Compassion vs. Loving-Kindness

In meditation practices, we are advised to have compassion for any suffering. Whether it is ours or somebody else's, the wise response to suffering is compassion. Compassion is often defined as "the quivering of the heart." Metta or loving-kindness is unconditional friendliness directed toward everyone and everything, while compassion is taking this same feeling and specificallySelf-Compassion directing it toward suffering.

Self-Compassion and Unpleasant Feelings

When we have a feeling that we find unpleasant, our first reaction is often to avert. We hate it, and wish that it wasn't there. We either run from it or push it away. In meditation, we often have unpleasantness arise.

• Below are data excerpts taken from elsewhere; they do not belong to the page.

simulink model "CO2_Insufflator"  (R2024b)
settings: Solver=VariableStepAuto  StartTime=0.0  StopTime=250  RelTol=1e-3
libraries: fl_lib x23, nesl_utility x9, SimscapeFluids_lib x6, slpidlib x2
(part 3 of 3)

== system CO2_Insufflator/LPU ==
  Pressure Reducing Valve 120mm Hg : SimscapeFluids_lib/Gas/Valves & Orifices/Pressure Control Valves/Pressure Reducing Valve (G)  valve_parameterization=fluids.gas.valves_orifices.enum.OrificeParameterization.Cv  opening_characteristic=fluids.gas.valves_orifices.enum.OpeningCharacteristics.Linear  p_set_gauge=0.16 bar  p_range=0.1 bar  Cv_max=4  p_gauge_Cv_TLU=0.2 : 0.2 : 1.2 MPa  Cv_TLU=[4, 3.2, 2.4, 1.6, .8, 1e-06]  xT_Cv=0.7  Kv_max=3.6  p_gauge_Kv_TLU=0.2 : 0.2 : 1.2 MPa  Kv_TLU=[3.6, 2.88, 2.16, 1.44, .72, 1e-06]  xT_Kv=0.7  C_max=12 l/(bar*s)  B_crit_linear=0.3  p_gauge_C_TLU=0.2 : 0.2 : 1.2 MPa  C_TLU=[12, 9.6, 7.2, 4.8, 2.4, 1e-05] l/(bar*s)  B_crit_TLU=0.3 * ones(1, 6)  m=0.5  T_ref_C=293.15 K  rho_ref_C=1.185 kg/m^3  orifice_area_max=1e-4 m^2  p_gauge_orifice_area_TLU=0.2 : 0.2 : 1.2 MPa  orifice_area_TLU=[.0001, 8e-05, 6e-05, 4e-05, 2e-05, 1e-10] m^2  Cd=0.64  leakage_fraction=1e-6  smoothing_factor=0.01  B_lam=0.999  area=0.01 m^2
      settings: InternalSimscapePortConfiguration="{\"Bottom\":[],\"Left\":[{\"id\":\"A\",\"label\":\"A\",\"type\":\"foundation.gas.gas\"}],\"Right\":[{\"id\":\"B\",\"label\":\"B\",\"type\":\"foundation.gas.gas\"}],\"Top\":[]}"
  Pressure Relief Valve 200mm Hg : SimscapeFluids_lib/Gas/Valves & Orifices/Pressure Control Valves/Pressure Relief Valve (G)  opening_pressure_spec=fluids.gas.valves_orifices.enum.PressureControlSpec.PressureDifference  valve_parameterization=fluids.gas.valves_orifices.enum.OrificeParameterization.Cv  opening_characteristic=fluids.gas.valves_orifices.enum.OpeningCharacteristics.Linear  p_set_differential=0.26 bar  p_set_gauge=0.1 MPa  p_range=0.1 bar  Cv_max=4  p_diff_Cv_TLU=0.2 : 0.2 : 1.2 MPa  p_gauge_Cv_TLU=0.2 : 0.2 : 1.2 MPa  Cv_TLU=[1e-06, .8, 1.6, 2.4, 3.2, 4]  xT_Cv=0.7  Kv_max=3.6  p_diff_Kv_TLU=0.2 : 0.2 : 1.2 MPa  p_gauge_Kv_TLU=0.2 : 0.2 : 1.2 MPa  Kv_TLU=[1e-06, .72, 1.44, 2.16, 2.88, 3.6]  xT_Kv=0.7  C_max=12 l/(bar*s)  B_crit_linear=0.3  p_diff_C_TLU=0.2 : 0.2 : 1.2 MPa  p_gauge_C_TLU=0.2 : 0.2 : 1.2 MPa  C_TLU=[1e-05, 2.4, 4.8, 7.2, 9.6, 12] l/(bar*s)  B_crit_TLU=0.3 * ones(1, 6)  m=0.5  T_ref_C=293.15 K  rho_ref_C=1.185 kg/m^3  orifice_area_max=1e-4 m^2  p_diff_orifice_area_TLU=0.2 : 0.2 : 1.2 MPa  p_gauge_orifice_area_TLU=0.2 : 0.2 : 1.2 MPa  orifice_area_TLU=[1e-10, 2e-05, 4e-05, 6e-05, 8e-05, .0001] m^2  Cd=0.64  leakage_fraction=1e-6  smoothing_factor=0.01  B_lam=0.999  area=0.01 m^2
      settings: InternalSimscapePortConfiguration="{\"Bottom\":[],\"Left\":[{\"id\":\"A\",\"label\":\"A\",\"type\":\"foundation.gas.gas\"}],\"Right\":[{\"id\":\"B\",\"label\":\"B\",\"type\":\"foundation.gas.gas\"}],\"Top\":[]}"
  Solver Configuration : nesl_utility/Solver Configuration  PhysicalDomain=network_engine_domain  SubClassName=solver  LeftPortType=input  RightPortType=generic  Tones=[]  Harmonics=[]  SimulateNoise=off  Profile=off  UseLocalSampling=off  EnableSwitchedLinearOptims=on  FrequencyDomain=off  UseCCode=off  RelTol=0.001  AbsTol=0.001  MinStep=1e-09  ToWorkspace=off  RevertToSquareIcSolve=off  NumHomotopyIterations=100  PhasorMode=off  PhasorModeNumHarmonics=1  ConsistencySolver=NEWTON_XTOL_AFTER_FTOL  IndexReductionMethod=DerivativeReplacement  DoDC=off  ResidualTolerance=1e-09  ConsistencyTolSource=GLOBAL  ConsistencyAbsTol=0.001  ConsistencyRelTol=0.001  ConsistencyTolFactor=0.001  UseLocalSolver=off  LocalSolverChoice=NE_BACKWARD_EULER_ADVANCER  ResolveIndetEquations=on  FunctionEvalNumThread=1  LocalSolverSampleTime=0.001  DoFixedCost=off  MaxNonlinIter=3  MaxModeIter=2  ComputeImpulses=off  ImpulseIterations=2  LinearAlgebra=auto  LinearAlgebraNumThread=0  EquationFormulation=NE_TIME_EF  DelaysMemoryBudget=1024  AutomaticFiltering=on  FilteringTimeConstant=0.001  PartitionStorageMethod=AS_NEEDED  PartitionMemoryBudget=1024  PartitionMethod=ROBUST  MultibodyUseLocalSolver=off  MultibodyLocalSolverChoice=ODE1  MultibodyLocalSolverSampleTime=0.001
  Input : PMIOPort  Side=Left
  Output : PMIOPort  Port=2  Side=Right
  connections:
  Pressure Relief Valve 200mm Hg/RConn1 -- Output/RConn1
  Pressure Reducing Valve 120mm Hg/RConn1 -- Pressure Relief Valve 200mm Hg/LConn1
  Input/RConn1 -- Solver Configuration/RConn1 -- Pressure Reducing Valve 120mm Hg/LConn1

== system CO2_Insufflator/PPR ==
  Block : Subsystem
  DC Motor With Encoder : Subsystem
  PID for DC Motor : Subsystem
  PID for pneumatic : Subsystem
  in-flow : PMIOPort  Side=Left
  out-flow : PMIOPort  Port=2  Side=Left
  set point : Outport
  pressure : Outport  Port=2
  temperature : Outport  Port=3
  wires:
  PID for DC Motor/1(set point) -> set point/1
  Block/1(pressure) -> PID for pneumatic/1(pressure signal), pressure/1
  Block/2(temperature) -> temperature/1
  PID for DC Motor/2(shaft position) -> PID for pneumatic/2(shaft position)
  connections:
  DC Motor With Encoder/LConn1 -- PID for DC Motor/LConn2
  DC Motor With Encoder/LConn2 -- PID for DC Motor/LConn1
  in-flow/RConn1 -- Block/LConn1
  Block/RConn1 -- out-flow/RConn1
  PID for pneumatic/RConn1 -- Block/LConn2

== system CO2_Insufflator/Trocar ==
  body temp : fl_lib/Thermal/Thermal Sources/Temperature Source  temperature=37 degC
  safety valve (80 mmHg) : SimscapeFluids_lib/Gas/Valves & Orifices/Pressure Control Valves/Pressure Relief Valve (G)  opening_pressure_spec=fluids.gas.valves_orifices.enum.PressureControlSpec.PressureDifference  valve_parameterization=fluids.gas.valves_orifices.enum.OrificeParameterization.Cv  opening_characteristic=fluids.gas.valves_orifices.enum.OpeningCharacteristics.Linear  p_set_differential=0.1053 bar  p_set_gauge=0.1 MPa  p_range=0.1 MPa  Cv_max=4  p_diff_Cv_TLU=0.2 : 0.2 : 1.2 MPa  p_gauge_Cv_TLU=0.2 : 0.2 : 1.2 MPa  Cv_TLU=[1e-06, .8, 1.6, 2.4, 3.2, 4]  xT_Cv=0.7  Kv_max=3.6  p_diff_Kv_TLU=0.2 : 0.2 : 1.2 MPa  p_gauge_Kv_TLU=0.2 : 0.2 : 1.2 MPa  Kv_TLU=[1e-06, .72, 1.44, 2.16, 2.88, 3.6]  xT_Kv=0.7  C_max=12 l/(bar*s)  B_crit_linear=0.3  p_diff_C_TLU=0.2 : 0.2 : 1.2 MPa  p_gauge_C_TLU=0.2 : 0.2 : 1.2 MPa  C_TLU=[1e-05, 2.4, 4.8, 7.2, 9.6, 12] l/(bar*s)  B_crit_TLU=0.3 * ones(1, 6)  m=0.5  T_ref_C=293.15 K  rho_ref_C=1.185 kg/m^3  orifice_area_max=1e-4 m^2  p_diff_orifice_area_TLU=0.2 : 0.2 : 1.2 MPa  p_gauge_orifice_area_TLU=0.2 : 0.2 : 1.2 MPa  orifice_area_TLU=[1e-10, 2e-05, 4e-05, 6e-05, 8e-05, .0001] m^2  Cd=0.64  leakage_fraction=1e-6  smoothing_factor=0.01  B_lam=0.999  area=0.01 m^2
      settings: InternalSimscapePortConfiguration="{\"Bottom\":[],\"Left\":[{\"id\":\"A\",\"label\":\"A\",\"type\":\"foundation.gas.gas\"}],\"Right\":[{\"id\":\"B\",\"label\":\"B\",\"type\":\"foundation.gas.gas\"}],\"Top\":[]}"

Whether it is in the form of a physical sensation, a thought, or an emotion, unpleasantness happens. However, our reaction of aversion does not need to happen. The Buddha taught that this aversion is one of the Three Poisons, or one of the chief causes of suffering.

Every time I sit, I experience unpleasant feelings, thoughts, or emotions. I have practiced the brahmaviharas and am quite familiar with the idea of compassion. After practicing for quite some time, compassion was something I understood from an intellectual standpoint more than an experiential one. I understood that when we have an unpleasant feeling, we are to respond with compassion. I also understood that in compassion, we don't avert from our unpleasant feelings.

On my recent retreat, I was having a rather unpleasant few days. Sitting in meditation, I had many unpleasant thoughts, feelings, and physical sensations arising. On the second night, one of the teachers gave a dharma talk on self-compassion. For the first time, I truly understood compassion from my own personal experience.